Calabria Baked Fig Ball by Italian food specialists, Seggiano. Excellent with a strong salty feta.
Recently, I was tried an Italian Baked Fig Ball. I’ve always enjoyed pan de higo, the Spanish fig cake often made with almonds. The fig ball is similar except the figs are softened completely by baking, then shaped into a ball and wrapped in fig leaves. This also intensifies their treacle-y flavour. The taste is darkly sweet and fruity like a festive figgy pudding. I paired it with a salty feta cheese (sheep’s and goat’s milk makes the best tangy cheese) for a delicious mingle of sweet and sour flavours. The fig ball would make an unusual Christmas gift too. Calabria Baked Fig Ball. £5.85 (200g). www.seggiano.com.
A warming amontillado sherry is a favourite tipple from now until Christmas. As a change from a non-fortified wine, sherry’s robust flavours pair so well with homemade soups, fresh walnuts and a good strong cheese.
A gift of Blue Aurora English Blueberry Ice Wine proved to be a new discovery. The aromas are those of dark berries, as you would expect, but surprisingly there’s also a floral touch of rose petals, and candied violet which reminded me of my grandmother who was partial to parma violets. The wine paired beautifully with a manchego cheese although the smooth, fruit flavours would work equally well as an alternative to crème de cassis in a French kir cocktail. The seductively rich colour is matched by the dark fruity flavours of the blueberries, even though fresh berries do not have the same depth of flavour as, say, blackberries. A light acidity saves it from being cloying. This is a very grown up wine. Serve chilled, with the manchego at room temperature to bring out the rounded, slightly tangy, creamy flavours to complement.
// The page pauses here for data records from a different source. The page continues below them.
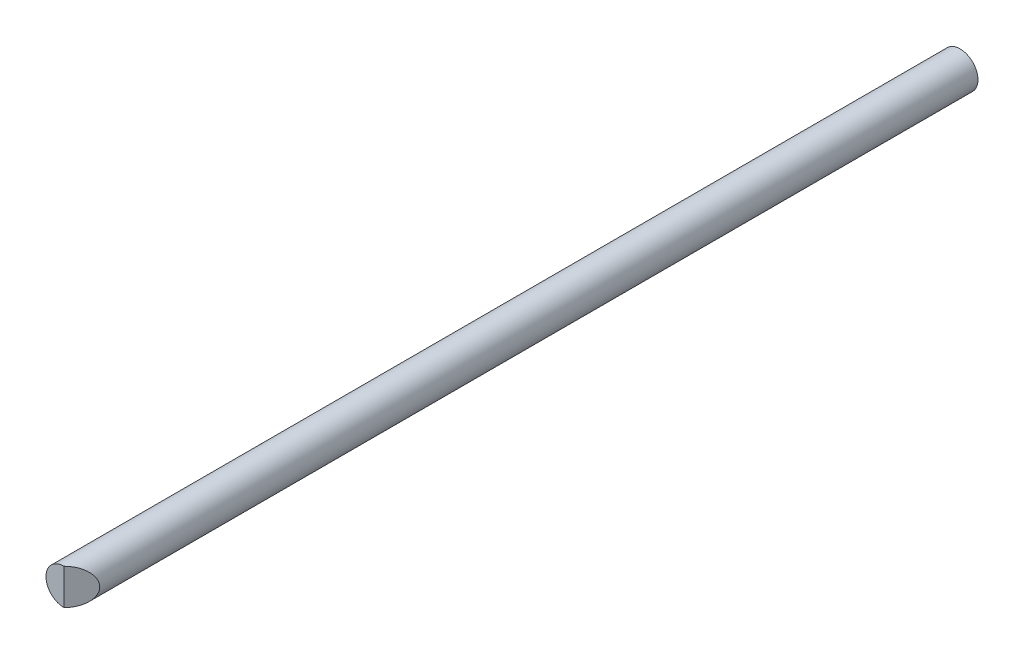
from build123d import *

# Parameters (mm, degrees)
SKETCH_1_R          = 0.5
EXTRUDE_1_DEPTH     = 25
CUT_EXTRUDE_1_DEPTH = 12.5


with BuildPart() as part:
    # 草图1 → 凸台-拉伸1 (new body)
    with BuildSketch(Plane.XY):
        Circle(SKETCH_1_R)
    extrude(amount=EXTRUDE_1_DEPTH)

    # 草图2 → 切除-拉伸1 (cut, symmetric)
    with BuildSketch(Plane(origin=(0, 0, 0), x_dir=(1, 0, 0), z_dir=(0, 1, 0))):
        Polygon((0, -25), (0.5, -24.5), (0.5, -25), align=None)
    extrude(amount=CUT_EXTRUDE_1_DEPTH, both=True, mode=Mode.SUBTRACT)


solid = part.part
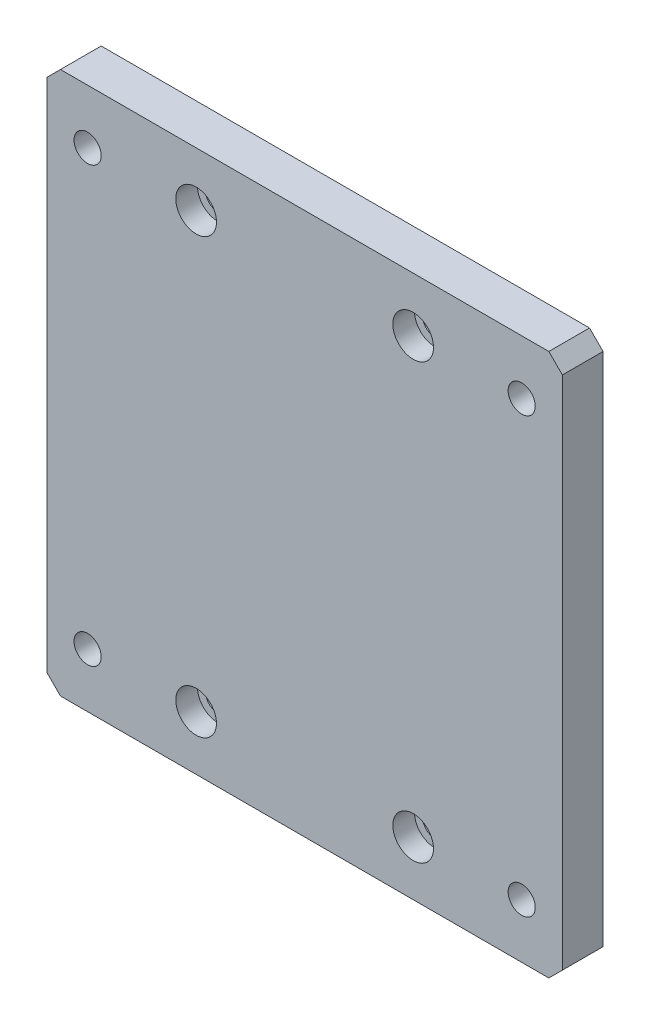
from build123d import *

# Parameters (mm, degrees)
CROQUIS1_W                                           = 190
CROQUIS1_H                                           = 200
SALIENTE_EXTRUIR1_DEPTH                              = 15
CROQUIS2_R                                           = 4
CORTAR_EXTRUIR1_DEPTH                                = 139.744369255
CROQUIS3_R                                           = 5
CORTAR_EXTRUIR2_DEPTH                                = 139.744369255
CHAFL_N1_SIZE                                        = 5
REFRENTADO_PARA_TORNILLO_TAP_N_CON_CABEZ_D           = 9
REFRENTADO_PARA_TORNILLO_TAP_N_CON_CABEZ_CBORE_D     = 15
REFRENTADO_PARA_TORNILLO_TAP_N_CON_CABEZ_CBORE_DEPTH = 8


with BuildPart() as part:
    # Croquis1 → Saliente-Extruir1 (new body)
    with BuildSketch(Plane.XY):
        Rectangle(CROQUIS1_W, CROQUIS1_H)
    extrude(amount=SALIENTE_EXTRUIR1_DEPTH)

    # Croquis2 → Cortar-Extruir1 (cut, through all)
    with BuildSketch(Plane.XY.offset(15)):
        with Locations((-40, 80)):
            Circle(CROQUIS2_R)
        with Locations((40, 80)):
            Circle(CROQUIS2_R)
        with Locations((40, -80)):
            Circle(CROQUIS2_R)
        with Locations((-40, -80)):
            Circle(CROQUIS2_R)
    extrude(amount=-CORTAR_EXTRUIR1_DEPTH, mode=Mode.SUBTRACT)

    # Croquis3 → Cortar-Extruir2 (cut, through all)
    with BuildSketch(Plane.XY.offset(15)):
        with Locations((-80, 80)):
            Circle(CROQUIS3_R)
        with Locations((80, 80)):
            Circle(CROQUIS3_R)
        with Locations((80, -80)):
            Circle(CROQUIS3_R)
        with Locations((-80, -80)):
            Circle(CROQUIS3_R)
    extrude(amount=-CORTAR_EXTRUIR2_DEPTH, mode=Mode.SUBTRACT)

    # Chaflán1
    chafl_n1_edges = [part.edges().sort_by_distance(p)[0] for p in [
        (95, -100, 7.5),
        (-95, -100, 7.5),
        (-95, 100, 7.5),
        (95, 100, 7.5),
    ]]
    chamfer(chafl_n1_edges, length=CHAFL_N1_SIZE)

    # Refrentado para tornillo tapón con cabeza de clavija de M81 (through all)
    with Locations(Plane.XY.offset(15)):
        with Locations((40, 80), (-40, 80), (-40, -80), (40, -80)):
            CounterBoreHole(REFRENTADO_PARA_TORNILLO_TAP_N_CON_CABEZ_D / 2, REFRENTADO_PARA_TORNILLO_TAP_N_CON_CABEZ_CBORE_D / 2, REFRENTADO_PARA_TORNILLO_TAP_N_CON_CABEZ_CBORE_DEPTH)


solid = part.part
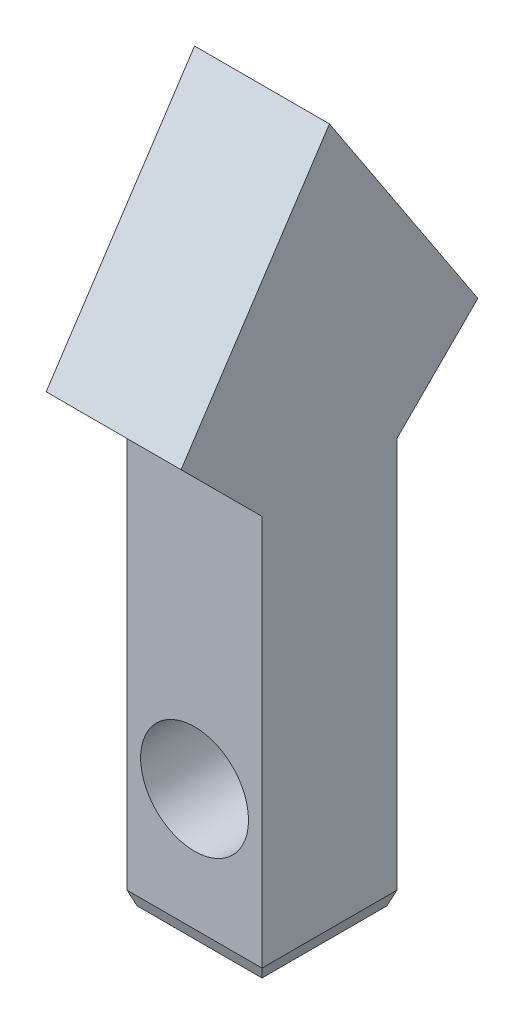
from build123d import *
from OCP.BRepFilletAPI import BRepFilletAPI_MakeChamfer

# Parameters (mm, degrees)
BOSS_EXTRUDE1_DEPTH = 5
SKETCH4_R           = 2
CUT_EXTRUDE2_DEPTH  = 10
CHAMFER1_SIZE       = 0.5
CHAMFER1_SIZE2      = 0.181985117


with BuildPart() as part:
    # Sketch2 → Boss-Extrude1 (new body)
    with BuildSketch(Plane.YZ):
        Polygon((-3, 8), (-13, 8), (-13, 3), (-3, 3), (2, 3), (5, 0), (13.351646544, 5.5), (5, 11), (2, 8), align=None)
    extrude(amount=BOSS_EXTRUDE1_DEPTH)

    # Sketch4 → Cut-Extrude2 (cut)
    with BuildSketch(Plane.XY.offset(8)):
        with Locations((2.5, -8)):
            Circle(SKETCH4_R)
    extrude(amount=-CUT_EXTRUDE2_DEPTH, mode=Mode.SUBTRACT)

    # Chamfer1: one chamfer whose edges measure the first distance from different faces: ONE call of the kernel's chamfer builder (chamfer() names one face for all edges)
    chamfer1_edges_1 = [part.edges().sort_by_distance(p)[0] for p in [
        (0, -13, 5.5),
    ]]
    chamfer1_side_1 = [part.faces().sort_by_distance(p)[0] for p in [
        (0, 0.23145202, 5.5),
    ]]
    chamfer1_edges_2 = [part.edges().sort_by_distance(p)[0] for p in [
        (2.5, -13, 3),
    ]]
    chamfer1_side_2 = [part.faces().sort_by_distance(p)[0] for p in [
        (2.5, -4.996810824, 3),
    ]]
    chamfer1_edges_3 = [part.edges().sort_by_distance(p)[0] for p in [
        (2.5, -13, 8),
    ]]
    chamfer1_side_3 = [part.faces().sort_by_distance(p)[0] for p in [
        (2.5, -4.996810824, 8),
    ]]
    chamfer1_edges_4 = [part.edges().sort_by_distance(p)[0] for p in [
        (5, -13, 5.5),
    ]]
    chamfer1_side_4 = [part.faces().sort_by_distance(p)[0] for p in [
        (5, 0.23145202, 5.5),
    ]]
    chamfer1 = BRepFilletAPI_MakeChamfer(part.part.solid().wrapped)
    for e in chamfer1_edges_1:
        chamfer1.Add(CHAMFER1_SIZE, CHAMFER1_SIZE2, e.wrapped, chamfer1_side_1[0].wrapped)  # the first distance lies on this face
    for e in chamfer1_edges_2:
        chamfer1.Add(CHAMFER1_SIZE, CHAMFER1_SIZE2, e.wrapped, chamfer1_side_2[0].wrapped)  # the first distance lies on this face
    for e in chamfer1_edges_3:
        chamfer1.Add(CHAMFER1_SIZE, CHAMFER1_SIZE2, e.wrapped, chamfer1_side_3[0].wrapped)  # the first distance lies on this face
    for e in chamfer1_edges_4:
        chamfer1.Add(CHAMFER1_SIZE, CHAMFER1_SIZE2, e.wrapped, chamfer1_side_4[0].wrapped)  # the first distance lies on this face
    add(Compound.cast(chamfer1.Shape()), mode=Mode.REPLACE)


solid = part.part
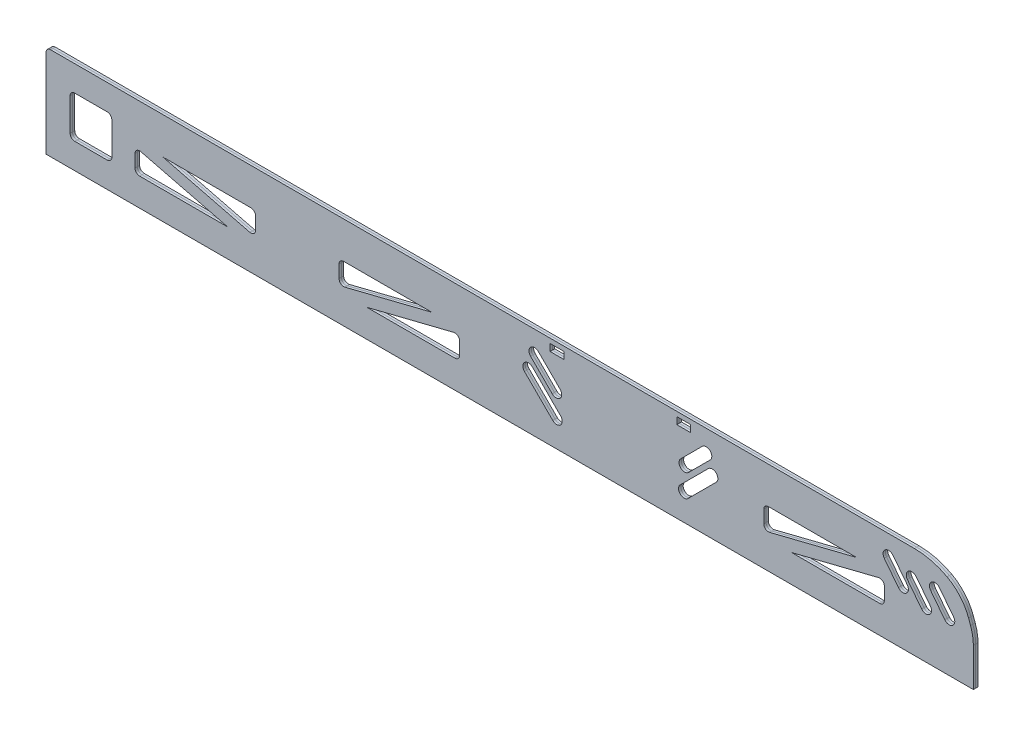
from build123d import *

# Parameters (mm, degrees)
SKETCH1_W           = 9
SKETCH1_H           = 9
SKETCH1_W_2         = 3
SKETCH1_H_2         = 1.5
BOSS_EXTRUDE1_DEPTH = 0.5
FILLET1_R           = 10
FILLET3_R           = 1


with BuildPart() as part:
    # Sketch1 → Boss-Extrude1 (new, symmetric)
    with BuildSketch(Plane.XY):
        with BuildLine():
            Line((-200, 10), (-200, 20))
            Line((-200, 20), (-12.686273665, 20))
            ThreePointArc((-12.686273665, 20), (-6.83279553, 18.787212337), (-1.943060243, 15.348528137))
            Line((-1.943060243, 15.348528137), (0, 10))
            Line((0, 10), (0, 0))
            Line((0, 0), (-10, 0))
            Line((-10, 0), (-200, 0))
            Line((-200, 0), (-200, 10))
        make_face()
        Polygon((-180.8, 11), (-180.8, 6), (-160.8, 6), align=None, mode=Mode.SUBTRACT)
        with Locations((-190.3, 10)):
            Rectangle(SKETCH1_W, SKETCH1_H, mode=Mode.SUBTRACT)
        Polygon((-154.8, 7.076941016), (-154.8, 12.076941016), (-174.8, 12.076941016), align=None, mode=Mode.SUBTRACT)
        Polygon((-130.8, 6), (-110.8, 11), (-110.8, 6), align=None, mode=Mode.SUBTRACT)
        Polygon((-136.8, 7.076941016), (-136.8, 12.076941016), (-116.8, 12.076941016), align=None, mode=Mode.SUBTRACT)
        with BuildLine():
            Line((-95.102943725, 12.697056275), (-89.021825407, 6.615937957))
            ThreePointArc((-89.021825407, 6.615937957), (-89.021825407, 4.918881682), (-90.718881682, 4.918881682))
            Line((-90.718881682, 4.918881682), (-96.8, 11))
            ThreePointArc((-96.8, 11), (-96.8, 12.697056275), (-95.102943725, 12.697056275))
        make_face(mode=Mode.SUBTRACT)
        with BuildLine():
            Line((-93.794617613, 16.197056275), (-89.127712857, 11.530151519))
            ThreePointArc((-89.127712857, 11.530151519), (-89.127712857, 9.833095244), (-90.824769132, 9.833095244))
            Line((-90.824769132, 9.833095244), (-95.491673888, 14.5))
            ThreePointArc((-95.491673888, 14.5), (-95.491673888, 16.197056275), (-93.794617613, 16.197056275))
        make_face(mode=Mode.SUBTRACT)
        with Locations((-89.794617613, 18.25)):
            Rectangle(SKETCH1_W_2, SKETCH1_H_2, mode=Mode.SUBTRACT)
        with Locations((-62.460808101, 18.25)):
            Rectangle(SKETCH1_W_2, SKETCH1_H_2, mode=Mode.SUBTRACT)
        with BuildLine():
            Line((-58.460808101, 16.197056275), (-63.127712857, 11.530151519))
            ThreePointArc((-63.127712857, 11.530151519), (-63.127712857, 9.833095244), (-61.430656582, 9.833095244))
            Line((-61.430656582, 9.833095244), (-56.763751827, 14.5))
            ThreePointArc((-56.763751827, 14.5), (-56.763751827, 16.197056275), (-58.460808101, 16.197056275))
        make_face(mode=Mode.SUBTRACT)
        with BuildLine():
            Line((-57.152481989, 12.697056275), (-63.233600308, 6.615937957))
            ThreePointArc((-63.233600308, 6.615937957), (-63.233600308, 4.918881682), (-61.536544033, 4.918881682))
            Line((-61.536544033, 4.918881682), (-55.455425715, 11))
            ThreePointArc((-55.455425715, 11), (-55.455425715, 12.697056275), (-57.152481989, 12.697056275))
        make_face(mode=Mode.SUBTRACT)
        Polygon((-25.2, 12.076941016), (-45.2, 7.076941016), (-45.2, 12.076941016), align=None, mode=Mode.SUBTRACT)
        Polygon((-39.2, 6), (-19.2, 11), (-19.2, 6), align=None, mode=Mode.SUBTRACT)
        with BuildLine():
            Line((-17.321963125, 16.390064684), (-14.260022427, 12.437278431))
            ThreePointArc((-14.260022427, 12.437278431), (-14.47382536, 10.753743963), (-16.157359828, 10.967546896))
            Line((-16.157359828, 10.967546896), (-19.219300527, 14.920333149))
            ThreePointArc((-19.219300527, 14.920333149), (-19.005497594, 16.603867617), (-17.321963125, 16.390064684))
        make_face(mode=Mode.SUBTRACT)
        with BuildLine():
            Line((-12.321963125, 14.907009966), (-9.260022427, 10.954223713))
            ThreePointArc((-9.260022427, 10.954223713), (-9.47382536, 9.270689245), (-11.157359828, 9.484492178))
            Line((-11.157359828, 9.484492178), (-14.219300527, 13.437278431))
            ThreePointArc((-14.219300527, 13.437278431), (-14.005497594, 15.120812899), (-12.321963125, 14.907009966))
        make_face(mode=Mode.SUBTRACT)
        with BuildLine():
            Line((-7.321963125, 15.376741501), (-4.260022427, 11.423955248))
            ThreePointArc((-4.260022427, 11.423955248), (-4.47382536, 9.74042078), (-6.157359828, 9.954223713))
            Line((-6.157359828, 9.954223713), (-9.219300527, 13.907009966))
            ThreePointArc((-9.219300527, 13.907009966), (-9.005497594, 15.590544434), (-7.321963125, 15.376741501))
        make_face(mode=Mode.SUBTRACT)
    extrude(amount=BOSS_EXTRUDE1_DEPTH, both=True)

    # Fillet1
    fillet1_edges = [part.edges().sort_by_distance(p)[0] for p in [
        (0, 10, 0),
        (-1.943060243, 15.348528137, 0),
    ]]
    fillet(fillet1_edges, radius=FILLET1_R)

    # Fillet3
    fillet3_edges = [part.edges().sort_by_distance(p)[0] for p in [
        (-200, 20, 0),
        (-154.8, 7.076941016, 0),
        (-154.8, 12.076941016, 0),
        (-180.8, 11, 0),
        (-180.8, 6, 0),
        (-194.8, 14.5, 0),
        (-194.8, 5.5, 0),
        (-185.8, 5.5, 0),
        (-185.8, 14.5, 0),
        (-110.8, 6, 0),
        (-110.8, 11, 0),
        (-136.8, 7.076941016, 0),
        (-136.8, 12.076941016, 0),
        (-45.2, 12.076941016, 0),
        (-45.2, 7.076941016, 0),
        (-19.2, 6, 0),
        (-19.2, 11, 0),
    ]]
    fillet(fillet3_edges, radius=FILLET3_R)


with BuildPart() as body_2:
    # Split1: the piece on the far side of the plane
    add(part.part)
    split(bisect_by=Plane.XY, keep=Keep.BOTTOM)


with BuildPart() as part_1:
    add(part.part)

    # Split1
    split(bisect_by=Plane.XY, keep=Keep.TOP)


solid = Compound([body_2.part, part_1.part])
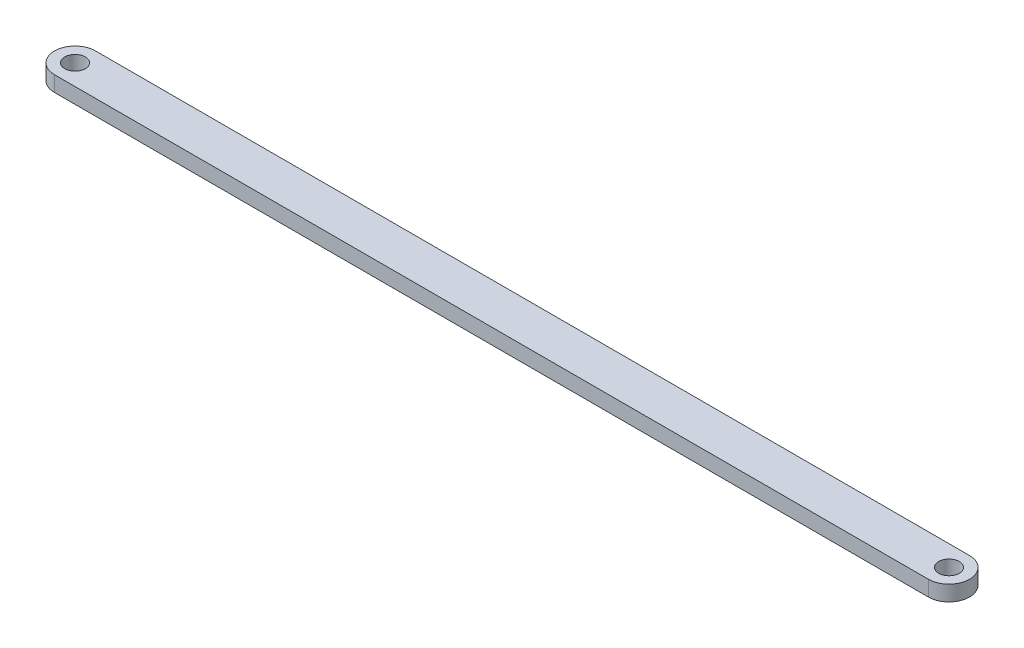
from build123d import *

# Parameters (mm, degrees)
SKETCH1_R           = 2
BOSS_EXTRUDE1_DEPTH = 3


with BuildPart() as part:
    # Sketch1 → Boss-Extrude1 (new body)
    with BuildSketch(Plane(origin=(0, 0, 0), x_dir=(1, 0, 0), z_dir=(0, 1, 0))):
        with BuildLine():
            Line((170, 4), (0, 4))
            ThreePointArc((0, 4), (-4, 0), (0, -4))
            Line((0, -4), (170, -4))
            ThreePointArc((170, -4), (174, 0), (170, 4))
        make_face()
        with Locations(Location((0, 0, 0), (0, 0, 270))):
            Circle(SKETCH1_R, mode=Mode.SUBTRACT)
        with Locations(Location((170, 0, 0), (0, 0, 270))):
            Circle(SKETCH1_R, mode=Mode.SUBTRACT)
    extrude(amount=BOSS_EXTRUDE1_DEPTH)


solid = part.part
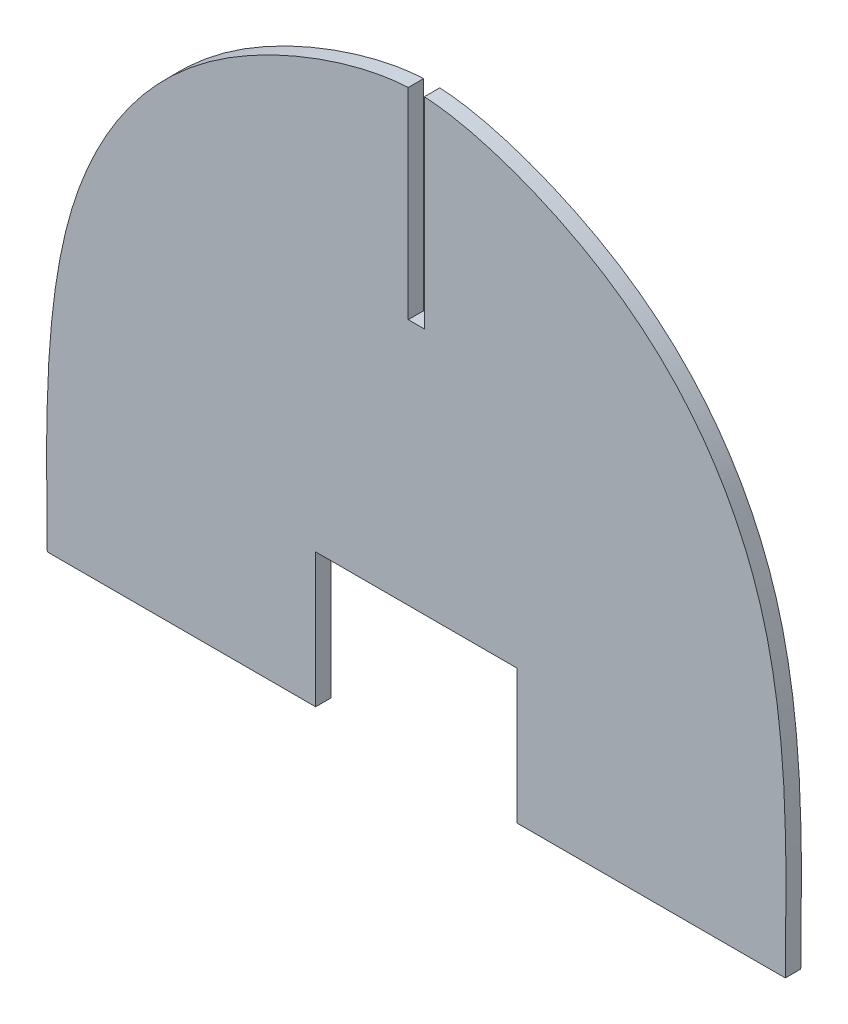
from build123d import *

# Parameters (mm, degrees)
BOSS_EXTRUDE1_DEPTH = 5.842
SKETCH3_W           = 38.1
SKETCH3_H           = 50.8
SKETCH3_W_2         = 3.048
SKETCH3_H_2         = 76.2
CUT_EXTRUDE1_DEPTH  = 296.629932067


with BuildPart() as part:
    # Sketch2 → Boss-Extrude1 (new body)
    with BuildSketch(Plane.XY):
        with BuildLine():
            Line((0, 260.35), (0, 39.6875))
            Line((0, 39.6875), (139.7, 39.6875))
            add(Edge.make_bspline(
                [(0, 260.35), (16.070876529, 260.35), (56.775834588, 247.639527653), (104.303414455, 213.336844908), (143.628247025, 143.243818772), (139.7, 69.950012947), (139.7, 39.6875)],
                knots=[0, 0, 0, 0, 0.196513492, 0.377404691, 0.603721219, 1, 1, 1, 1], degree=3))
        make_face()
    extrude(amount=BOSS_EXTRUDE1_DEPTH)

    # Sketch3 → Cut-Extrude1 (cut, through all)
    with BuildSketch(Plane.XY.offset(5.842)):
        with Locations((19.05, 65.0875)):
            Rectangle(SKETCH3_W, SKETCH3_H)
        with Locations((1.524, 222.25)):
            Rectangle(SKETCH3_W_2, SKETCH3_H_2)
    extrude(amount=-CUT_EXTRUDE1_DEPTH, mode=Mode.SUBTRACT)

    # Mirror1: part across plane


with BuildPart() as part_1:
    add(part.part)
    add(part.part.mirror(Plane(origin=(0, 0, 0), x_dir=(0, 0, 1), z_dir=(1, 0, 0))))


solid = part_1.part

I also tried Blue Aurora Ice with a dark chocolately prune whip, made with luscious Agen prunes from France. The recipe originates from a vintage cookery book which uses oranges. Instead, in a mini blender add five or six plump soaked and cooked prunes, coconut or dairy yogurt to suit, a teaspoon or two of raw cacao powder and a dash of cinammon. Blend until fairly smooth. Spoon into pretty dessert dishes, or your favourite wine glass, dust with raw cacao powder and chill for a couple of hours or so.
Blue Aurora English Blueberry Ice Wine is made by the family-run Lutton Farm, just outside the market town of Oundle. It’s a happy by-product of the farm’s fruit growing concern. 37.5cl. Alc 10.5% vol. £17.95. https://blueaurorawine.co.uk
Autumn is the perfect time to forage the hedgerows for blackberries, rose hips and cob nuts. It goes without saying that foragers need to be mindful of sustainability so don’t strip the bush, leave some for others and the birds. Or you might be lucky enough to find somewhere offering fresh walnuts. Traditional English seasonal apples and pears, rarely or never seen in the shops, are well worth seeking out right now. Cook them without sugar and instead add a splash of vintage cider, and spices like cinnamon, for a quick autumn dessert or breakfast with yogurt or creme fraiche. A spoonful of mincemeat added at the end is good too as are the traditional blackberries. If you’re lucky enough to be offered a bag of apples, accept gratefully and prepare them for the freezer to last through the winter months.
Do you like to forage ad what’s your most memorable find? I’ll be foraging later this month with an expert forager in the Sussex countryside and will let you know how we get on.